Plus forts ensemble !

Face à une concurrence renforcée, le premier avantage d’un réseau est évidemment de rassembler les professionnels. Alors qu’il peut être compliqué de trouver des solutions à une échelle individuelle, la structure du réseau offre la mutualisation, comme l’explique Sophie Clanchet, présidente d’Eurojuris France : « Le réseau permet de mutualiser la réflexion. En confrontant nos idées et en rencontrant des prospectivistes, nous avons une vision assez claire des ambitions de la profession et de ce qu’elle doit faire pour s’adapter à l’évolution de la société et des marchés. Et le fait d’être ensemble nous permet de mutualiser la conception et l’acquisition d’outils innovants, à des coûts intéressants pour nos cabinets. »

Sophie Clanchet

Financer ensemble est également un atout certain, voire une opportunité sans comparaison pour les avocats. Surtout face à des structures qui n’ont pas les mêmes limites que les avocats en terme de financements et de levées de fond. Pourtant, pour Gérard Haas, ancien président du réseau Gesica, le message de la mutualisation des coûts reste « compliquée » à faire passer. Et le réseau doit aussi avancer au rythme de ses adhérents. « Notre réseau se pose des questions, a fait beaucoup d’études de marchés, a essayé d’améliorer son site, a créé un intranet, des service d’adjudication... On a des cabinets qui sont innovants, qui créent. Mais un réseau marche aussi à la vitesse de celui qui va le plus lentement. »

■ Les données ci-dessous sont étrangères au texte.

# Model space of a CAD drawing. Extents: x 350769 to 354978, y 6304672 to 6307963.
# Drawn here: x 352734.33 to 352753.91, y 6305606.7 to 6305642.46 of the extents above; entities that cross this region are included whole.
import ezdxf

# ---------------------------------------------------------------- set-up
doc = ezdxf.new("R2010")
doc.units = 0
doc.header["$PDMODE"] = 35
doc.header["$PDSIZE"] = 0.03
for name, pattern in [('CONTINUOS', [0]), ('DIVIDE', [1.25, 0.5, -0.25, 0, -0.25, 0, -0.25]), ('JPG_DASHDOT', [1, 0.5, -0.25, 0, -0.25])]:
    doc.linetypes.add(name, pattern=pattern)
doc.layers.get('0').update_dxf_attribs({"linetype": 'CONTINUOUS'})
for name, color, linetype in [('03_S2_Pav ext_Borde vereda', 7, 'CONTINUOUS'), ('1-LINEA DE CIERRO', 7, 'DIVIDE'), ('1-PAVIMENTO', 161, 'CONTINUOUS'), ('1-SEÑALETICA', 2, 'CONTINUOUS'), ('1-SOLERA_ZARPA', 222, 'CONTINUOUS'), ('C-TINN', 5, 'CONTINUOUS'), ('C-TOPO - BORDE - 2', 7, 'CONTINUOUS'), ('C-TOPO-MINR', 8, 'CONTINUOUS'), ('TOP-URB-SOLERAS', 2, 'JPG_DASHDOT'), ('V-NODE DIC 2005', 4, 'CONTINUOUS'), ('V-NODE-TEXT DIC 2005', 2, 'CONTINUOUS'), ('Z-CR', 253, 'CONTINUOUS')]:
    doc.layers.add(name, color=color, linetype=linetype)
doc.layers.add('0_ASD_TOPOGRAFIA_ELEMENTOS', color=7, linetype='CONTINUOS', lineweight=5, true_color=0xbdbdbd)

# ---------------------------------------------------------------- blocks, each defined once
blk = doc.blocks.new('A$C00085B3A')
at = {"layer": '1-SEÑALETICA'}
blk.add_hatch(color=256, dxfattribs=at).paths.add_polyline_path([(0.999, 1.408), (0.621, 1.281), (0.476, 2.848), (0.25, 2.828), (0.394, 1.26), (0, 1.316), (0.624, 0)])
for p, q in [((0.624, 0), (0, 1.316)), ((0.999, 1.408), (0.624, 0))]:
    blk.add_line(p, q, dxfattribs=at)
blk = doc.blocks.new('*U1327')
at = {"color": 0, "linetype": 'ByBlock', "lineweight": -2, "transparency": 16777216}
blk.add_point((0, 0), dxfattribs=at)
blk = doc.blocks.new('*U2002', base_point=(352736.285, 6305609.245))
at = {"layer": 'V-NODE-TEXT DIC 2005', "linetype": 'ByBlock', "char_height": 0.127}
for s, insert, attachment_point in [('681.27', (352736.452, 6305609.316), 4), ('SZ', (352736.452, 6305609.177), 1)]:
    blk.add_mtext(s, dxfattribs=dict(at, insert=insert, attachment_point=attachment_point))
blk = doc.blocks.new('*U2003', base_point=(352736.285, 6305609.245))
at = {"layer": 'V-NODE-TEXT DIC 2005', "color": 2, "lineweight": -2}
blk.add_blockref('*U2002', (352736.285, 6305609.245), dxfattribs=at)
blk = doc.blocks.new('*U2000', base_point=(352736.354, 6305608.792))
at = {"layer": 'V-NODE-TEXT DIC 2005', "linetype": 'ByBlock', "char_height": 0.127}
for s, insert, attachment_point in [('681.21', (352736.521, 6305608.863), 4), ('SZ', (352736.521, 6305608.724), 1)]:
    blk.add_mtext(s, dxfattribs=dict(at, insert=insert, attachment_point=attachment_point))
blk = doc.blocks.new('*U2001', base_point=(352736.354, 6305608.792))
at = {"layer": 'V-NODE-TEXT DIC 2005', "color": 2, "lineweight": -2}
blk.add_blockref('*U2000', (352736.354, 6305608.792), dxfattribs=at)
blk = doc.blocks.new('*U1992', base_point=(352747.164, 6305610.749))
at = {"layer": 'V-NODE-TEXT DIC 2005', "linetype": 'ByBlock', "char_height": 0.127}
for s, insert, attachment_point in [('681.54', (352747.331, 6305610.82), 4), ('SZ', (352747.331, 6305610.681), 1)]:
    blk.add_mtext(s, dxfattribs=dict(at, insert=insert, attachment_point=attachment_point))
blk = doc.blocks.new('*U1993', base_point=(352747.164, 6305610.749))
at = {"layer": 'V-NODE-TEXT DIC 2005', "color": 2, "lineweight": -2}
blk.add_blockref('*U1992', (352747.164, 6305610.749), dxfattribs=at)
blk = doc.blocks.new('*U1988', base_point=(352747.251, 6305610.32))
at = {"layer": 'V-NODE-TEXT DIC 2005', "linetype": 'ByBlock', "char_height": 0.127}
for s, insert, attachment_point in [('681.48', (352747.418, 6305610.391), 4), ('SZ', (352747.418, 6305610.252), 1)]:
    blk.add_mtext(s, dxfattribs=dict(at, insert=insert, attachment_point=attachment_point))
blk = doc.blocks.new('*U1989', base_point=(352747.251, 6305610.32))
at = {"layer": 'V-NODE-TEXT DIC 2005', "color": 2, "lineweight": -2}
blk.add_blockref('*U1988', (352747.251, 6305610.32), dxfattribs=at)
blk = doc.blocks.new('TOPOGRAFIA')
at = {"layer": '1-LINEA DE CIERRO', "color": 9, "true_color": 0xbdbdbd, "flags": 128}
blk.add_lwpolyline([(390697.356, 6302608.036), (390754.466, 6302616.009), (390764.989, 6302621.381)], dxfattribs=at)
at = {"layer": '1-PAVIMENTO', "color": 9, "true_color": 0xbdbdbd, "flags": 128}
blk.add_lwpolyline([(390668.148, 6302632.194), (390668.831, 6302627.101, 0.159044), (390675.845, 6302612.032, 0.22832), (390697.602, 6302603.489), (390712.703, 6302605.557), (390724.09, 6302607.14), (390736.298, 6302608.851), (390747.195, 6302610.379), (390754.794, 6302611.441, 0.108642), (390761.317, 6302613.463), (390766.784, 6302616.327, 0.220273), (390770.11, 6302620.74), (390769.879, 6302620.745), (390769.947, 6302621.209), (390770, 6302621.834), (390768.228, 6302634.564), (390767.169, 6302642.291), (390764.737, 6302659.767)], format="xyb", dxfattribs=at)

Des réseaux avant-gardistes ?

Les réseaux ont pourtant, la plupart du temps, une longueur d’avance en matière de numérique. « Dès 2000, Eurojuris France a pris des décisions concernant le virage numérique, en s’équipant d’une plateforme internet interactive innovante, souligne Sophie Clanchet. Puis nous avons incité les cabinets du réseau à le faire, dans la mesure où leurs sites sont rattachés à cette plateforme. Nous l’avons ensuite ouvert au grand public pour permettre au justiciable de poser des questions et de prendre contact avec des avocats. »
De son côté, le réseau Gesica a également créé sa plateforme. « Nous n’avons pas eu de problème de transition numérique, explique Gérard Haas. Notre question, comme tous les avocats, est aujourd’hui celle de la communication : quel message envoyer à nos clients ? Après avoir bien travaillé les relations B to B, il faut s’attaquer au B to C. C’est la stratégie de Gesica : on a une plateforme qui renvoie sur 200 mini sites, qui s’adressent directement à leurs clients. »

Par ces projets communs, le réseau a donc également pour rôle d’impulser l’innovation et l’évolution de ses membres. « Pour y inciter nos membres, nous expliquons et dédramatisons, comme ça a été le cas lors du dernier congrès, explique Sophie Clanchet. Nous avons expliqué que la profession a évolué, qu’il ne faut pas avoir peur de cette évolution, qu’il faut effectivement envisager son métier autrement et que nous sommes là pour leur donner les outils pour le faire. Nous leur permettons ainsi d’avoir accès à un community manager dont les tarifs ont été négociés au niveau du réseau, et nous discutons avec différents partenaires pour construire des outils qui leur permettront de produire une partie de leurs prestations standards et automatisées, afin de se consacrer à leur plus-value. »

Gérard Haas

Des difficultés subsistent pourtant. « Les professions réglementées, puis les réseaux, ne peuvent pas ignorer ce qui se passe aujourd’hui en matière de nouvelles technologies et des conséquences dans le monde juridique, confirme Gérard Haas. Cela nous contraint à réfléchir et à savoir si nous ne devons pas mettre en place des plateformes de service à disposition des membres de nos réseaux ou de nos ordres. Mais le principal problème reste les coûts importants de développement. »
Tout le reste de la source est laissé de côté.